Many are jumping at the opportunity to make landmark moments in internet culture their own digital asset and transforming the blockchain into an immaterial museum in the process. Minting these moments as NFTs contextualizes them in a digital form that reflects the culture they produced.
just setting up my twttr
— jack⚡️ (@jack) March 21, 2006
NFTs have been met with criticism despite their popularity
But NFTs are far from perfect. These digital assets and the high prices they fetch have created mountains of discourse. Much of that conversation is centered around what it means to buy a work of art or media that is non-physical, and in the case of images, videos, and posts like Dorsey’s, can be easily saved as a .JPG or accessed for free on twitter.
Basically, why would you spend $69 million for a digital art work that you could drag on to your desktop for no cost? Well, the response is a simple one: no matter how easy it is to view or save a copy of the NFT someone owns, they will always be the sole owner of it. Even in the case of a Van Gogh or a Picasso, millions of people can own prints of the Starry Night or Guernica, but none of those people own the original artwork.
Here’s where you might be thinking, well, those are paintings, and NFTs are entirely digital — at least the owners of those pieces get a physical object to call their own.
And you’d be right. NFTs hinge on a belief in the power of investing in ownership more than anything. The crisis of value involved in NFTs’ object-hood is in the eye of beholder: many collectors relish in the support of purely digital work that utilizes contemporary ways of creating and see ownership as the only true lasting aspect of art collecting, rather than the hoarding of physical objects.
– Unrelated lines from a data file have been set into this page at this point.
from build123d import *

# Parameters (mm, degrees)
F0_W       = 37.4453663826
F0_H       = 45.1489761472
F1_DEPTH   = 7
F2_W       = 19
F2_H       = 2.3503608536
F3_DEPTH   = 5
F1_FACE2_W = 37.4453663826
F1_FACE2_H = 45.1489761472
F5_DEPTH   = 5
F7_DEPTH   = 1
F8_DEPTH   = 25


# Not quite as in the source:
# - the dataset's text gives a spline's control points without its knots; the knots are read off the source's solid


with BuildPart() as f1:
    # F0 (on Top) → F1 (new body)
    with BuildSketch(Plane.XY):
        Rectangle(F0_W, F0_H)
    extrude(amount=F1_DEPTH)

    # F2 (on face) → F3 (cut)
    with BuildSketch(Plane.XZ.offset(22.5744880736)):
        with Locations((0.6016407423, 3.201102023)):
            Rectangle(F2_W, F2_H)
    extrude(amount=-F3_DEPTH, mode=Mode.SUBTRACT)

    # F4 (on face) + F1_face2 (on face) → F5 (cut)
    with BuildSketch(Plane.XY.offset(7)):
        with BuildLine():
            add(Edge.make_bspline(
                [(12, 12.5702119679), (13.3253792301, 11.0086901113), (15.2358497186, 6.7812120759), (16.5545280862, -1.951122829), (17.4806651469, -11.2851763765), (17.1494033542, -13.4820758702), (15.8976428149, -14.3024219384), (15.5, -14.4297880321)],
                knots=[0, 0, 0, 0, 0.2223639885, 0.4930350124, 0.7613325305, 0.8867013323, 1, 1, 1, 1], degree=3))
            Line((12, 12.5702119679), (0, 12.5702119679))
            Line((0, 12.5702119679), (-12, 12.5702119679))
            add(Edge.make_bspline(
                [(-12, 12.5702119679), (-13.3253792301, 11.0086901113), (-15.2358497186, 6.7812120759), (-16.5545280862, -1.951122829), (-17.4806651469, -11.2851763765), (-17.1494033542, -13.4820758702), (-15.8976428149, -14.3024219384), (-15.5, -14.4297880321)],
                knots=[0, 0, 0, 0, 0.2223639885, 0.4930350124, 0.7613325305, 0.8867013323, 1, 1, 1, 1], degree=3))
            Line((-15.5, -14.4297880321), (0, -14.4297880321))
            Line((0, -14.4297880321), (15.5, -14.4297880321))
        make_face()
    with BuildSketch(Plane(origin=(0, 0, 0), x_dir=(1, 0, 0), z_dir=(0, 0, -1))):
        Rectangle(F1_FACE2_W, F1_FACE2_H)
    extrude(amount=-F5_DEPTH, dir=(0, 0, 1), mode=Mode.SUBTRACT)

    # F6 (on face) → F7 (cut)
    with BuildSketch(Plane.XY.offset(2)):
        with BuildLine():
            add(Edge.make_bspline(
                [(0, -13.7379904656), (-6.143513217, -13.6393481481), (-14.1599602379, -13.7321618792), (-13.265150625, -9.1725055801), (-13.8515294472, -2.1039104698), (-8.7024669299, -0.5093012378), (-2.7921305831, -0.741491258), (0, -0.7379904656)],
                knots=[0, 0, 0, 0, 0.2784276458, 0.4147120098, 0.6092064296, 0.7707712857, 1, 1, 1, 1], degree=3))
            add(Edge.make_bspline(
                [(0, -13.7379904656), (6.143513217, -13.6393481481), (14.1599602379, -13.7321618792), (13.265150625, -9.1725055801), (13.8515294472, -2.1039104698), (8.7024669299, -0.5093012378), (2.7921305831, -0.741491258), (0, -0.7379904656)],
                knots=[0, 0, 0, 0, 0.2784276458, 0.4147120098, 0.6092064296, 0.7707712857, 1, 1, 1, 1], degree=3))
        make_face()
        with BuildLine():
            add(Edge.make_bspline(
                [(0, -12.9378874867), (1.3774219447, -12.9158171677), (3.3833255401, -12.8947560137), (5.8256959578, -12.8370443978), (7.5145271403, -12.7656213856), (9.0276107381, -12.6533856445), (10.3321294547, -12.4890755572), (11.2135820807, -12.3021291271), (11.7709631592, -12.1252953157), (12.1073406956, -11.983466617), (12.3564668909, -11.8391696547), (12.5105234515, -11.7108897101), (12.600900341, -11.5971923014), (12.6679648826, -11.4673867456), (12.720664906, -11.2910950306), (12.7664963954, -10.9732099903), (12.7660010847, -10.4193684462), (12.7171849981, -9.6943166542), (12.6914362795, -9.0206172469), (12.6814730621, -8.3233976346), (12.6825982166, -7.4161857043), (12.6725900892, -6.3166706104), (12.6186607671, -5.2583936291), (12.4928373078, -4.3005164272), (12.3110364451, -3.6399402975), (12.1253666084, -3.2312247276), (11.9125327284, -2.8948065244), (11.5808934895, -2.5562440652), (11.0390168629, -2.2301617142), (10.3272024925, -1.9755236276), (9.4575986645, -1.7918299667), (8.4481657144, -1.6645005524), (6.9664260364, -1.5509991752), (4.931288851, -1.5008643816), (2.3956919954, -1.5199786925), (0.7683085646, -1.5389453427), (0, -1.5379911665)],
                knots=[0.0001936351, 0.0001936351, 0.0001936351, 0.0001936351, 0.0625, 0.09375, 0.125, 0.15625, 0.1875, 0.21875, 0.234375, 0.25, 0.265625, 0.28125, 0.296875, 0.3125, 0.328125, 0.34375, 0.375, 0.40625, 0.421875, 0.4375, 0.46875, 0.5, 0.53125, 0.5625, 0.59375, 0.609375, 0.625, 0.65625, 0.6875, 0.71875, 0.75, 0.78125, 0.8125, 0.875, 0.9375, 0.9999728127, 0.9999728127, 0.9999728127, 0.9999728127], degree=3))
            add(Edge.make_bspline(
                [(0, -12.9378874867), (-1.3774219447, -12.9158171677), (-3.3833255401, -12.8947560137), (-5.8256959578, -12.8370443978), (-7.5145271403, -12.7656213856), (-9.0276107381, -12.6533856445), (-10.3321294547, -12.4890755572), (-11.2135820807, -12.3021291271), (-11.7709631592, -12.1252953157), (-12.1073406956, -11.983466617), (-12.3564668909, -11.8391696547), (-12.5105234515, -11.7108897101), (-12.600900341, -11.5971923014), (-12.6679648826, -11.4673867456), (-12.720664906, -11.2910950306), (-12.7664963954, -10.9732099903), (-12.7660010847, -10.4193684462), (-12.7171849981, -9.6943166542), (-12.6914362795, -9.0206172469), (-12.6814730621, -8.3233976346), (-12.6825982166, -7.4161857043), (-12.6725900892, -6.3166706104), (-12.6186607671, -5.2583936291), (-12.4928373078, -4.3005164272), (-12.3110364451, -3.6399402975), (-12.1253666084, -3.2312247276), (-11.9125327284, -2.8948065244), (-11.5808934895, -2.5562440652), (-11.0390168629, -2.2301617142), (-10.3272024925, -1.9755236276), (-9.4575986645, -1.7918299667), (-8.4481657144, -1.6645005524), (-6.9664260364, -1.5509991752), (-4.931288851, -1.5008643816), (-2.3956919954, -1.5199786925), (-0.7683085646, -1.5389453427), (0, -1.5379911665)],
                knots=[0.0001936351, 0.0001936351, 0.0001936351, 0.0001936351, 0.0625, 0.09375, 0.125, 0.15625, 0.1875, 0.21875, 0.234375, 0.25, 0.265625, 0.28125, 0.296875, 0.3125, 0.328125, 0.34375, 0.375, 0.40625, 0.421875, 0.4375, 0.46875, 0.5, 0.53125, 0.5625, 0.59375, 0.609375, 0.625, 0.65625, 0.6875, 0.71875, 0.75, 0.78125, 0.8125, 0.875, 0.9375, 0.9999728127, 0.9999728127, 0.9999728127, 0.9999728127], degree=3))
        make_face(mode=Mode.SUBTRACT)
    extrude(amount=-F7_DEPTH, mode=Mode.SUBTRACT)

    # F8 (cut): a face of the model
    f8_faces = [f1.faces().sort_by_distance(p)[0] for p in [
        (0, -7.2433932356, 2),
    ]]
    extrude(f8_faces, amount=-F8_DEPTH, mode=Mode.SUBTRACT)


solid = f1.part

Another thing to consider is that physical works of art are often kept in storage, out of view from the public or their owners, and are frequently loaned out by their owners to institutions for shows. When artworks are viewed as assets, the imperative is often to own them for long periods of time while they become more valuable during the course of an artist’s career or post-mortem legacy — living with the physical works is secondary.
NFTs have also faced backlash over their toll on the environment, a criticism they share with Ethereum and cryptocurrency at large. The debate over the energy usage involved in minting NFTs rocked the art world, causing heated denouncement from artists who believed the tokens to be a “ecological nightmare pyramid scheme.”
One website, cryptoart.wtf, dedicated itself to tracking the energy consumption involved in each NFT minted on the blockchain, but this information became so inflammatory that the site was forced to take itself offline, leaving a note that read:
“CryptoArt.wtf was designed to share the best available information about the energy use and environmental impact of the growing Proof-of-Work (PoW) based CryptoArt and non-fungible token, or NFT markets. Just as we can find information regarding the ecological costs of flying, iPhones, watching Netflix, or training Artificial Intelligence models, I believe similar information should be available for CryptoArt, so that we can understand the impact of our actions, and we can make informed decisions. Unfortunately, the information on this website has been used as a tool for abuse and harassment, so I am taking the site offline.”
The site’s findings were incendiary throughout the NFT community, with one entry stating that a single NFT of a digital animation of a cat, called “Space Cat,” had the same carbon footprint as an EU resident’s electricity consumption for two months.
Some have objected to the outrage, saying its logic is misguided. Joseph Pallant, founder of the nonprofit Blockchain for Climate Foundation, told the Verge that NFTs should be compared to other energy consumption scenarios where cause and effect becomes hard to trace:
“If you’re on the plane, you’re obviously responsible for a portion of its emissions. But if you hadn’t bought the ticket, the plane probably would have taken off with other passengers and polluted the same amount anyway.”